How I setup my Mac

On this page, I hope to show how I use my Mac, the applications I use, and how I use them. For clarity, I am a web developer using my personal laptop at work and home. Now updated with regards Leopard.
Applications
I do not use Fink or MacPorts. I feel that most of the command-line arguments I require already exist, and if I want to add one I don’t want to add an entire suite of software that may conflict with what I have already. It also nearly defeats the point of having Mac’s command-line. Why not just be on Windows with Cygwin? But that’s just my opinion.
Terminal
I don’t use iTerm or any of the alternatives. The terminal that ships with OS X is plenty powerful as it is just a command-line interface. Most people use iTerm for the tabs, as far as I can tell, though this is moot as of Leopard.
The interface is custom: black background, light grey Monaco 10pt. antialiased, window size 140x50, 87% opacity.
Text Editing
TextMate is most Mac-users’ editor of choice, and with good reason. The vast array of features helps streamline and tremendously speed up my workflow.
In a terminal window I use Vim.
Version Control
Subversion is probably the most common revision control in use today, beating out the formerly-ubiquitous CVS.
I've also gotten a lot of use out of Bazaar for my local projects, and hope to implement it as my default for all new projects.
Web Development
For the most part I use Django, which is quite obvious by the content of my blog. However, I sometimes work with PHP. Apple includes Apache web server with OS X, which I compile the latest version of PHP against using the following configure command:
./configure --with-apxs --with-mysql=/usr/local/mysql
Which leads me to the database that I use, which currently is MySQL, though this might change in favor of PostgreSQL. The Mac installer from the MySQL downloads page includes a “Preferences Pane” that allows you to stop/start the server from the System Preferences window. Waiting on an updated package for Leopard. For now I'm building from source.
Web Browser
For day to day browsing I use Safari. It is super-quick and surprisingly minimal. I’ve had discussions with people about how Safari is supposedly “bad” with javascript. While it’s certainly not as good as Firefox, I still think it does a pretty damn good job. Internet Explorer does a bad job with javascript. Period.
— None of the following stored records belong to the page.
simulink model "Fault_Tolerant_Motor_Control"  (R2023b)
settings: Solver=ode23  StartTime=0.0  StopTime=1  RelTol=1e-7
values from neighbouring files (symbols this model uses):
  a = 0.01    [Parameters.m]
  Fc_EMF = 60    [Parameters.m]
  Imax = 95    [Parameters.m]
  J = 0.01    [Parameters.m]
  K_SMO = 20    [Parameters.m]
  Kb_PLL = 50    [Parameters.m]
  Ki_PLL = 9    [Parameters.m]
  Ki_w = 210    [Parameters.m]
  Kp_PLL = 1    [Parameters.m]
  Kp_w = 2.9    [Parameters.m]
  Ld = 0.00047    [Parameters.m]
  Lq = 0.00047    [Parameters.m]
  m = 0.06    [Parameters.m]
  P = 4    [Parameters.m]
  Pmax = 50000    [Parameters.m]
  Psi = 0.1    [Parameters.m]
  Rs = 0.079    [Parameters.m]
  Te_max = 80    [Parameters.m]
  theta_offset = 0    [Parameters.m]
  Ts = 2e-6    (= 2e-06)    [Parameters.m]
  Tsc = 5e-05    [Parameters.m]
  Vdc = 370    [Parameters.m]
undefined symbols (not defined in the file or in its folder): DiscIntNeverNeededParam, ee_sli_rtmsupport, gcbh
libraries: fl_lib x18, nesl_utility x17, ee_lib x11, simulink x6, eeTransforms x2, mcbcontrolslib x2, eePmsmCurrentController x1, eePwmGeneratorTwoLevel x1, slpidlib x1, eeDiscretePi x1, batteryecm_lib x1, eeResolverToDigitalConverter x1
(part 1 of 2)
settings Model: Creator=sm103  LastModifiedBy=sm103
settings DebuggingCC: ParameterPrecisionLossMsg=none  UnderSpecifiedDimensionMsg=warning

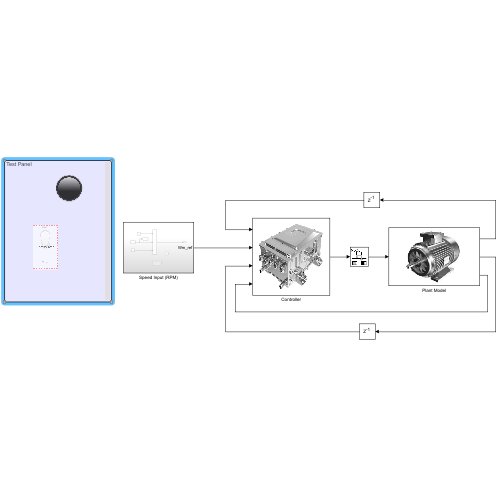
[thumbnail: Simulink's stored preview of the top-level diagram]
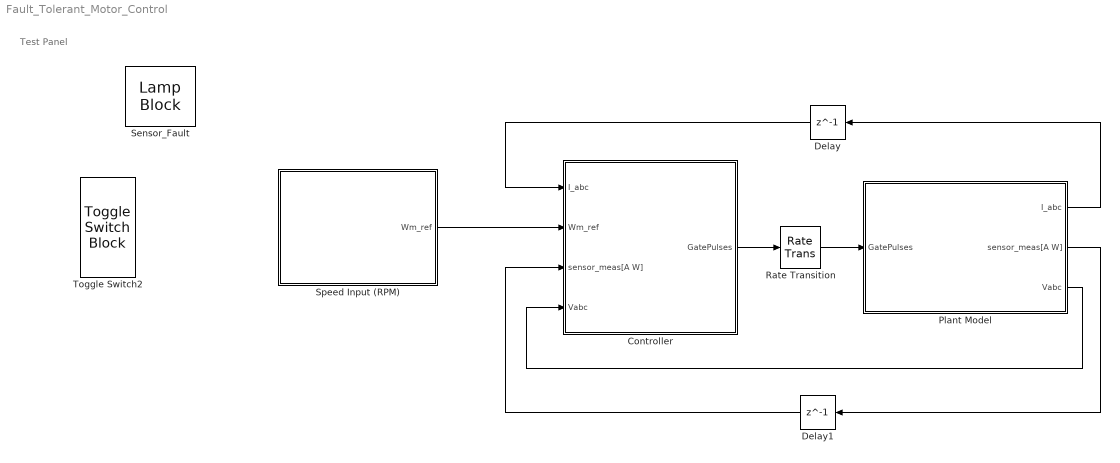
== system Fault_Tolerant_Motor_Control ==
  note: Test Panel
  Controller : Subsystem
      mask Display: image('ev-controller-4.jpeg');
  Delay : Delay  DelayLength=1
  Delay1 : Delay  DelayLength=1
  Plant Model : Subsystem
      mask Display: image('PMSM.jfif');
  Rate Transition : RateTransition  OutPortSampleTime=Ts
  Sensor_Fault : LampBlock  LabelPosition=Hide
  Speed Input (RPM) : Subsystem
  Toggle Switch2 : ToggleSwitchBlock  LabelPosition=Hide
      settings: Values={{'Stop', 'Start'}, [0 1]}
  wires:
  Controller/1(GatePulses) -> Rate Transition/1
  Rate Transition/1 -> Plant Model/1(GatePulses)
  Plant Model/1(I_abc) -> Delay/1
  Delay/1 -> Controller/1(I_abc)
  Plant Model/2(sensor_meas[A W]) -> Delay1/1
  Plant Model/3(Vabc) -> Controller/4(Vabc)
  Delay1/1 -> Controller/3(sensor_meas[A W])
  Speed Input (RPM)/1(Wm_ref) -> Controller/2(Wm_ref)

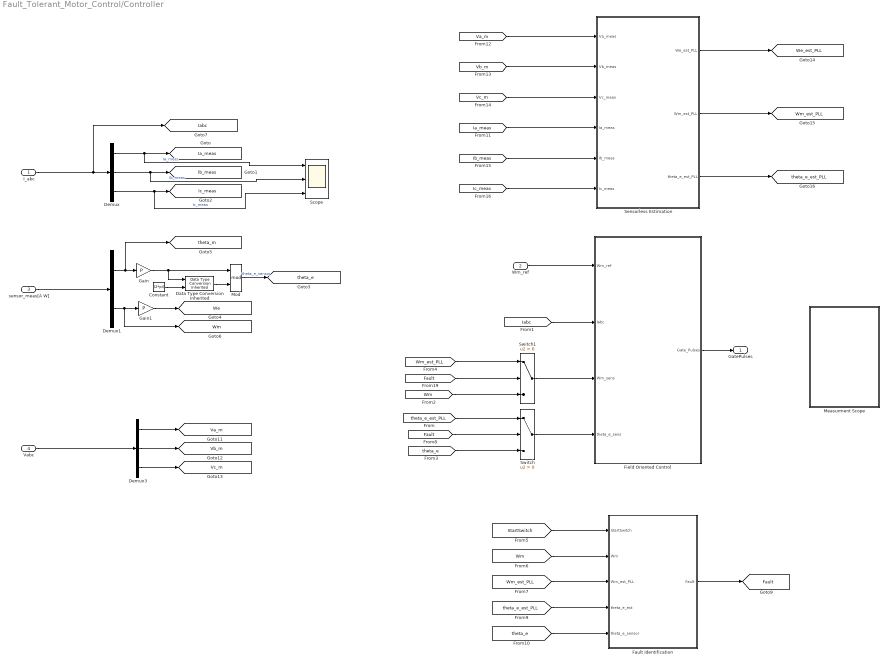
== system Fault_Tolerant_Motor_Control/Controller ==
  I_abc : Inport
  Wm_ref : Inport  Port=2
  sensor_meas[A W] : Inport  Port=3
  Vabc : Inport  Port=4
  Constant : Constant  Value=(2*pi)
  Data Type Conversion Inherited : simulink/Signal Attributes/Data Type Conversion Inherited  ConvertRealWorld=Real World Value  DoSatur=off
  Demux : Demux  Outputs=3
  Demux1 : Demux  Outputs=2
  Demux3 : Demux  Outputs=3
  Fault Identification : Subsystem
  Field Oriented Control : Subsystem
  Gain : Gain  Gain=P
  Gain1 : Gain  Gain=P
  Measurment Scope : Subsystem
  Mod : Math  Operator=mod
  Scope : Scope  NumInputPorts=3
  Sensorless Estimation : Subsystem
  Switch : Switch  Criteria=u2 > Threshold  SaturateOnIntegerOverflow=off  InputSameDT=off
  Switch1 : Switch  Criteria=u2 > Threshold  SaturateOnIntegerOverflow=off  InputSameDT=off
  GatePulses : Outport
  tag scope: Fault=global, Ia_meas=global, Iabc=global, Ib_meas=global, Ic_meas=global, Va_m=global, Vb_m=global, Vc_m=global, We=global, We_est_PLL=global, Wm=global, Wm_est_PLL=global, theta_e=global, theta_e_est_PLL=global, theta_m=global
  wires:
  I_abc/1 -> [Iabc], Demux/1
  Demux/1 -> Scope/1, [Ia_meas]  "Ia_meas"
  Demux/2 -> Scope/2, [Ib_meas]  "Ib_meas"
  Demux/3 -> Scope/3, [Ic_meas]  "Ic_meas"
  sensor_meas[A W]/1 -> Demux1/1
  Demux1/2 -> [Wm], Gain1/1
  Demux1/1 -> [theta_m], Gain/1
  Gain1/1 -> [We]
  Gain/1 -> Data Type Conversion Inherited/1, Mod/1
  Mod/1 -> [theta_e]  "theta_e_sensor"
  Data Type Conversion Inherited/1 -> Mod/2
  Constant/1 -> Data Type Conversion Inherited/2
  Vabc/1 -> Demux3/1
  Demux3/1 -> [Va_m]
  Demux3/2 -> [Vb_m]
  Demux3/3 -> [Vc_m]
  [Iabc] -> Field Oriented Control/2(Iabc)
  Field Oriented Control/1(Gate_Pulses) -> GatePulses/1
  Switch/1 -> Field Oriented Control/4(theta_e_sens)
  [theta_e_est_PLL] -> Switch/1
  Sensorless Estimation/1(We_est_PLL) -> [We_est_PLL]
  Sensorless Estimation/2(Wm_est_PLL) -> [Wm_est_PLL]
  Sensorless Estimation/3("theta_e_est_PLL ") -> [theta_e_est_PLL]
  [Va_m] -> Sensorless Estimation/1(Va_meas)
  [Vb_m] -> Sensorless Estimation/2(Vb_meas)
  [Vc_m] -> Sensorless Estimation/3(Vc_meas)
  Wm_ref/1 -> Field Oriented Control/1(Wm_ref)
  Fault Identification/1(Fault) -> [Fault]
  [StartSwitch] -> Fault Identification/1(StartSwitch)
  [Wm] -> Fault Identification/2(Wm)
  [Wm_est_PLL] -> Fault Identification/3(Wm_est_PLL)
  [theta_e_est_PLL] -> Fault Identification/4(theta_e_est)
  [theta_e] -> Fault Identification/5(theta_e_sensor)
  [Wm_est_PLL] -> Switch1/1
  [Wm] -> Switch1/3
  [Ia_meas] -> Sensorless Estimation/4(Ia_meas)
  [Ib_meas] -> Sensorless Estimation/5(Ib_meas)
  [Ic_meas] -> Sensorless Estimation/6(Ic_meas)
  [theta_e] -> Switch/3
  Switch1/1 -> Field Oriented Control/3(Wm_sens)
  [Fault] -> Switch/2
  [Fault] -> Switch1/2

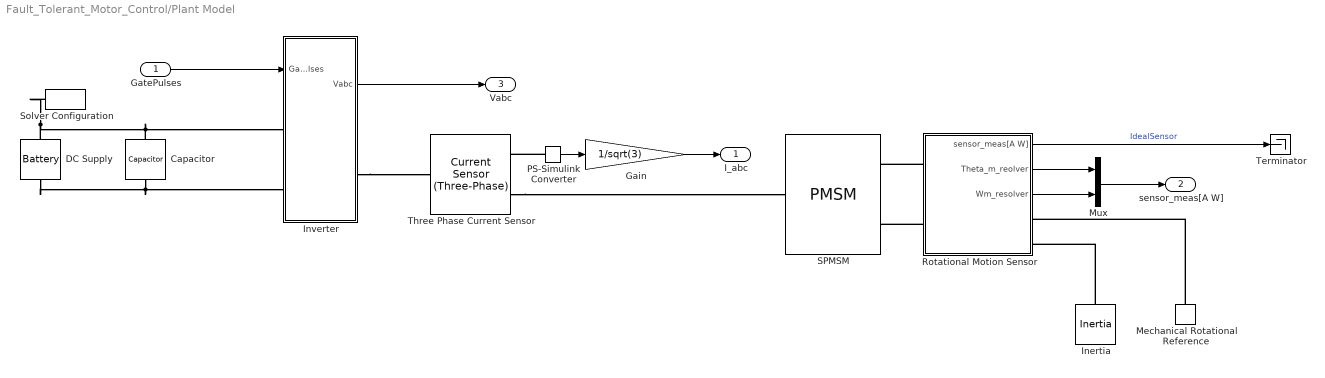
== system Fault_Tolerant_Motor_Control/Plant Model ==
  GatePulses : Inport
  Capacitor : ee_lib/Passive/Capacitor  cap_option=ee.enum.passive.capacitor.capOption.const  c=1e-6 F  Cvec=[1e-05, 1e-06] F  Vvec=[0, 10] V  CV_table_symmetry=ee.enum.passive.capacitor.tableSymmetry.yes  f_vec=[1, 10] kHz  DFext_vec=[.8, 1.2]  enable_C_tol=ee.enum.toleranceApplication.none  averaging_period=0 s  C_tol=5  tol_distribution=ee.enum.toleranceDistribution.uniform  nSigma=4  r=1e-6 Ohm  g=0 1/Ohm  enable_operating_limits=ee.enum.enable.no  operating_limit_action=ee.enum.passive.reportOpLim.warn  max_working_voltage_range=[-25, 25] V  power_rating=1 W  enable_faults=ee.enum.enable.no  fault_action=simscape.enum.assert.action.none  Cscale_faulted=100  R_faulted=1e-3 Ohm  G_faulted=0 1/Ohm  tau_fault=1e-3 s  fault_trigger=ee.enum.faults.faultTrigger.temporal  t_fault=1 s  max_permissible_voltage_range=[-100, 100] V  t_fail_on_voltage=1 s  i_specify=off  i_priority=None  i=0 A  i_nominal_specify=off  i_nominal_unit=A  i_nominal_value=1  v_specify=off  v_priority=None  v=0 V  v_nominal_specify=off  v_nominal_unit=V  v_nominal_value=1  vc_specify=off  vc_priority=High  vc=0 V  vc_nominal_specify=off  vc_nominal_unit=V  vc_nominal_value=1
  DC Supply : batteryecm_lib/Battery  Vnom=Vdc V  prm_dir=simscape.enum.battery.prm_dir.disabled  R1_dis=2 Ohm  R1_ch=2 Ohm  R1=0.01 Ohm  prm_AH=simscape.enum.battery.prm_AH.infinite  AH=50 A*hr  V1=11.5 V  AH1=25 A*hr  prm_R2=simscape.enum.battery.prm_R2.disabled  R2=2000 Ohm  Tmeas=298.15 K  charge_measurement_port=simscape.enum.battery.enable.no  prm_dyn=simscape.enum.battery.prm_dyn.off  Rp1=0.005 Ohm  tau1=30 s  Rp2=0.005 Ohm  tau2=30 s  Rp3=0.005 Ohm  tau3=30 s  Rp4=0.005 Ohm  tau4=30 s  Rp5=0.005 Ohm  tau5=30 s  prm_fade=simscape.enum.battery.prm_fade.disabled  N_fade=100  AH_fade=45 A*hr  R1_fade=2.02 Ohm  R1_ch_fade=2.02 Ohm  V1_fade=10.35 V  prm_age=simscape.enum.battery.prm_age.disabled  prm_age_OCV=simscape.enum.battery.prm_age_OCV.OCV  OCV_age=0.9  SOC_age=60  Tmeas_age=298.15 K  delta_time_age_vec=[0] d  temperature_age_vec=[273] K  OCV_scaling_age=2.2134e6  OCV_offset_age=1.632e6  temp_exp_age=0.515833569 V  t_exp_age=0.75  Vnom_T2=12 V  R1_T2=2.2 Ohm  R1_T2_dis=2.2 Ohm  R1_T2_ch=2.2 Ohm  V1_T2=11.4 V  R2_T2=2200 Ohm  Rp1_T2=0.005 Ohm  tau1_T2=30 s  Rp2_T2=0.005 Ohm  tau2_T2=30 s  Rp3_T2=0.005 Ohm  tau3_T2=30 s  Rp4_T2=0.005 Ohm  tau4_T2=30 s  Rp5_T2=0.005 Ohm  tau5_T2=30 s  Tmeas2=273.15 K  thermal_port=simscape.enum.thermaleffects.omit  thermal_mass=30000 J/K  i_specify=off  i_priority=None  i=0 A  i_nominal_specify=off  i_nominal_unit=A  i_nominal_value=1  v_specify=off  v_priority=None  v=0 V  v_nominal_specify=off  v_nominal_unit=V  v_nominal_value=1  charge_specify=on  charge_priority=High  charge=7000 A*hr  charge_nominal_specify=off  charge_nominal_unit=A*hr  charge_nominal_value=1  num_cycles_specify=off  num_cycles_priority=High  num_cycles=0  num_cycles_nominal_specify=off  num_cycles_nominal_unit=1  num_cycles_nominal_value=1  temperature_specify=off  temperature_priority=High  temperature=298.15 K  temperature_nominal_specify=off  temperature_nominal_unit=K  temperature_nominal_value=1
  Gain : Gain  Gain=1/sqrt(3)
  Inertia : fl_lib/Mechanical/Rotational Elements/Inertia  inertia=J kg*m^2  num_ports=foundation.enum.numPorts2.one  w_specify=on  w_priority=High  w=0 rad/s  w_nominal_specify=off  w_nominal_unit=rad/s  w_nominal_value=0  t_specify=off  t_priority=None  t=0 N*m  t_nominal_specify=off  t_nominal_unit=N*m  t_nominal_value=0
  Inverter : Subsystem
  Mechanical Rotational Reference : fl_lib/Mechanical/Rotational Elements/Mechanical Rotational Reference
  Mux : Mux  Inputs=2
  PS-Simulink Converter : nesl_utility/PS-Simulink Converter  PhysicalDomain=network_engine_domain  SubClassName=ps_output  LeftPortType=input  RightPortType=output  PseudoPeriodic=off  Frequencies=[]  VectorFormat=inherit  Unit=inherit  AffineConversion=off
  Rotational Motion Sensor : Subsystem
  SPMSM : ee_lib/Electromechanical/Permanent Magnet/PMSM  port_option=ee.enum.threePhasePort.composite  winding_type=ee.enum.statorconnection.wye  machine_param=ee.enum.pmsm.parameterization.constant  nPolePairs=P  pmflux_param=ee.enum.pmflux.fluxlinkage  pm_flux_linkage=Psi Wb  torque_constant=0.18 N*m/A  back_emf_constant=0.18 V*s/rad  stator_param=ee.enum.statorparam.LdLqL0  Ld=Ld H  Lq=Lq H  idVec=[-200, 0, 200] A  iqVec=[-200, 0, 200] A  LdMatrix=0.0002 * ones(3, 3) H  LqMatrix=0.0002 * ones(3, 3) H  PmMatrix=0.1 * ones(3, 3) Wb  ktMatrix=0.18 * ones(3, 3) N*m/A  keMatrix=0.18 * ones(3, 3) V*s/rad  L0=0.00016 H  Ls=0.0002 H  Lm=-0.00002 H  Ms=0.00002 H  Rs=Rs Ohm  zero_sequence=ee.enum.park.zerosequence.exclude  axes_param=ee.enum.rotorangle.qaxis  loss_param=ee.enum.ironloss.none  losses_oc=[0, 0, 0] W  losses_sc=[0, 0, 0] W  f_losses=60 Hz  Isc_losses=95 A  J=0.01 kg*m^2  lam=0 N*m*s/rad  i_d_specify=off  i_d_priority=None  i_d=0 A  i_d_nominal_specify=off  i_d_nominal_unit=A  i_d_nominal_value=1  i_q_specify=off  i_q_priority=None  i_q=0 A  i_q_nominal_specify=off  i_q_nominal_unit=A  i_q_nominal_value=1  torque_specify=off  torque_priority=None  torque=0 N*m  torque_nominal_specify=off  torque_nominal_unit=N*m  torque_nominal_value=1  angular_velocity_specify=on  angular_velocity_priority=High  angular_velocity=0 rpm  angular_velocity_nominal_specify=off  angular_velocity_nominal_unit=rpm  angular_velocity_nominal_value=1  angular_position_specify=on  angular_position_priority=High  angular_position=0 deg  angular_position_nominal_specify=off  angular_position_nominal_unit=deg  angular_position_nominal_value=1  alpha=3.93e-3 1/K  alpha_flux=-0.001 1/K  Tmeas=298.15 K  stator_thermal_mass=100 J/K  rotor_thermal_mass=200 J/K  Rm_percent_rotor=90  Rd_percent_rotor=30  temperatureA_specify=off  temperatureA_priority=High  temperatureA=25 degC  temperatureA_nominal_specify=off  temperatureA_nominal_unit=degC  temperatureA_nominal_value=1  temperatureB_specify=off  temperatureB_priority=High  temperatureB=25 degC  temperatureB_nominal_specify=off  temperatureB_nominal_unit=degC  temperatureB_nominal_value=1  temperatureC_specify=off  temperatureC_priority=High  temperatureC=25 degC  temperatureC_nominal_specify=off  temperatureC_nominal_unit=degC  temperatureC_nominal_value=1  temperatureR_specify=off  temperatureR_priority=High  temperatureR=25 degC  temperatureR_nominal_specify=off  temperatureR_nominal_unit=degC  temperatureR_nominal_value=1
      settings: InternalSimscapePortConfiguration="{\"Bottom\":[],\"Left\":[{\"id\":\"N\",\"label\":\"~\",\"type\":\"foundation.electrical.three_phase\"}],\"Right\":[{\"id\":\"R\",\"label\":\"R\",\"type\":\"foundation.mechanical.rotational.rotational\"},{\"id\":\"C\",\"label\":\"C\",\"type\":\"foundation.mechanical.rotational.rotational\"}],\"Top\":[]}"
  Solver Configuration : nesl_utility/Solver Configuration  PhysicalDomain=network_engine_domain  SubClassName=solver  LeftPortType=input  RightPortType=generic  Tones=[]  Harmonics=[]  SimulateNoise=off  Profile=off  UseLocalSampling=off  EnableSwitchedLinearOptims=on  FrequencyDomain=off  UseCCode=off  RelTol=0.001  AbsTol=1e-06  MinStep=1e-09  ToWorkspace=off  RevertToSquareIcSolve=off  NumHomotopyIterations=100  PhasorMode=off  PhasorModeNumHarmonics=1  ConsistencySolver=NEWTON_FTOL  IndexReductionMethod=DerivativeReplacement  DoDC=off  ResidualTolerance=1e-9  ConsistencyTolSource=GLOBAL  ConsistencyAbsTol=0.001  ConsistencyRelTol=0.001  ConsistencyTolFactor=0.001  UseLocalSolver=on  LocalSolverChoice=NE_BACKWARD_EULER_ADVANCER  ResolveIndetEquations=on  FunctionEvalNumThread=1  LocalSolverSampleTime=Ts  DoFixedCost=on  MaxNonlinIter=4  MaxModeIter=2  ComputeImpulses=off  ImpulseIterations=2  LinearAlgebra=auto  LinearAlgebraNumThread=0  EquationFormulation=NE_TIME_EF  DelaysMemoryBudget=1024  AutomaticFiltering=on  FilteringTimeConstant=0.001  PartitionStorageMethod=AS_NEEDED  PartitionMemoryBudget=1024  PartitionMethod=FAST  MultibodyUseLocalSolver=off  MultibodyLocalSolverChoice=ODE1  MultibodyLocalSolverSampleTime=0.001
  Terminator : Terminator
  Three Phase Current Sensor : ee_lib/Sensors & Transducers/Current Sensor (Three-Phase)
  I_abc : Outport
  sensor_meas[A W] : Outport  Port=2
  Vabc : Outport  Port=3
  wires:
  Gain/1 -> I_abc/1
  PS-Simulink Converter/1 -> Gain/1
  Rotational Motion Sensor/1(sensor_meas[A W]) -> Terminator/1  "IdealSensor"
  GatePulses/1 -> Inverter/1(GatePulses)
  Inverter/1(Vabc) -> Vabc/1
  Rotational Motion Sensor/2(Theta_m_reolver) -> Mux/1
  Rotational Motion Sensor/3(Wm_resolver) -> Mux/2
  Mux/1 -> sensor_meas[A W]/1
  connections:
  Three Phase Current Sensor/RConn2 -- SPMSM/LConn1
  Mechanical Rotational Reference/LConn1 -- Rotational Motion Sensor/RConn1
  DC Supply/LConn1 -- Inverter/LConn1 -- Capacitor/LConn1 -- Solver Configuration/RConn1
  Inverter/RConn1 -- Three Phase Current Sensor/LConn1
  PS-Simulink Converter/LConn1 -- Three Phase Current Sensor/RConn1
  Rotational Motion Sensor/LConn1 -- SPMSM/RConn1
  DC Supply/RConn1 -- Capacitor/RConn1 -- Inverter/LConn2
  Rotational Motion Sensor/LConn2 -- SPMSM/RConn2
  Inertia/LConn1 -- Rotational Motion Sensor/RConn2

== system Fault_Tolerant_Motor_Control/Speed Input (RPM) ==
  Constant : Constant  Commented=on  Value=1000
  Constant2 : Constant
  Constant3 : Constant  Value=0
  Signal Editor : SignalEditorBlockLib/Signal Editor  Commented=on  FileName=SpeedProfile1.mat  ActiveScenario=Scenario  ActiveSignal=Signal 1  IsBus=off  OutputBusObjectStr=Bus: BusObject  SampleTime=0  Interpolate=off  ZeroCross=off  OutputAfterFinalValue=Setting to zero  Unit=inherit  PreserveSignalName=on  ApplySigPropsToAllScenarios=on  ApplySigPropsToAllSignals=off
  Step : Step  Time=0.5  Before=1000  After=2000  SampleTime=0
  Switch1 : Switch  Criteria=u2 > Threshold  SaturateOnIntegerOverflow=off  InputSameDT=off
  Wm_ref : Outport
  tag scope: StartSwitch=global
  wires:
  Constant2/1 -> [StartSwitch], Switch1/2
  Constant3/1 -> Switch1/3
  Step/1 -> Switch1/1
  Switch1/1 -> Wm_ref/1

== system Fault_Tolerant_Motor_Control/Controller/Fault Identification ==
  StartSwitch : Inport
  Wm : Inport  Port=2
  Wm_est_PLL : Inport  Port=3
  theta_e_est : Inport  Port=4
  theta_e_sensor : Inport  Port=5
  Chart : Stateflow chart  TreatAsAtomicUnit=on
  Fault : Outport
  wires:
  Wm/1 -> Chart/2(Wm)
  StartSwitch/1 -> Chart/1(StartSwitch)
  Wm_est_PLL/1 -> Chart/3(Wm_est_PLL)
  Chart/1(Fault) -> Fault/1
  theta_e_est/1 -> Chart/4(theta_e_est)
  theta_e_sensor/1 -> Chart/5(theta_e_sensor)

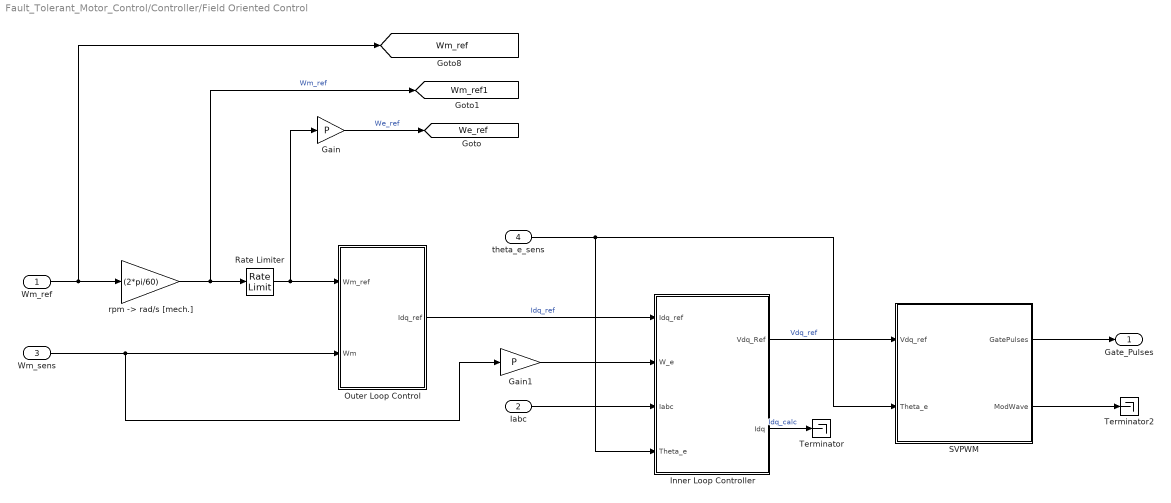
== system Fault_Tolerant_Motor_Control/Controller/Field Oriented Control ==
  Wm_ref : Inport
  Iabc : Inport  Port=2
  Wm_sens : Inport  Port=3
  theta_e_sens : Inport  Port=4
  Gain : Gain  Gain=P
  Gain1 : Gain  Gain=P
  Inner Loop Controller : Subsystem
  Outer Loop Control : Subsystem
  Rate Limiter : RateLimiter  RisingSlewLimit=(Te_max/J)  FallingSlewLimit=-(Te_max/J)  SampleTimeMode=inherited
  SVPWM : Subsystem
  Terminator : Terminator
  Terminator2 : Terminator
  "rpm -> rad/s [mech.]" : Gain  Gain=(2*pi/60)
  Gate_Pulses : Outport
  tag scope: We_ref=global, Wm_ref1=global, Wm_ref=global
  wires:
  Wm_ref/1 -> "rpm -> rad/s [mech.]"/1, [Wm_ref]
  "rpm -> rad/s [mech.]"/1 -> [Wm_ref1], Rate Limiter/1  "Wm_ref"
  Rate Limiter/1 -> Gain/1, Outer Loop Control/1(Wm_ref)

My pièce de résistance using javascript was a highly-AJAXed video player that also included interaction between the javascript and Flash. Debugging for Firefox and Safari took about the same amount of time, while IE had me (literally) pulling out my hair.
When tough situations occur, HTML-wise, I pull out the big guns: Firefox with Firebug and the Web Developer Extension.
RSS Reader
Vienna is a free, open-source, Mac OS-native RSS reader. I watch around 50 feeds and this program handles them like a champ. As long as you don’t view the articles within the program it handles memory well.
FTP/SFTP
If I require a GUI application for FTP I usually stick with Cyberduck. It’s not the best application at the moment as I’ve run into some connectivity problems. Usually, however, if I reconnect the issue is resolved.
For the most part though I use the command scp for file transfer. Of course, this requires a shell connection. On my Slice I don’t have FTP installed — why use something so potentially insecure when SSH/SFTP is available?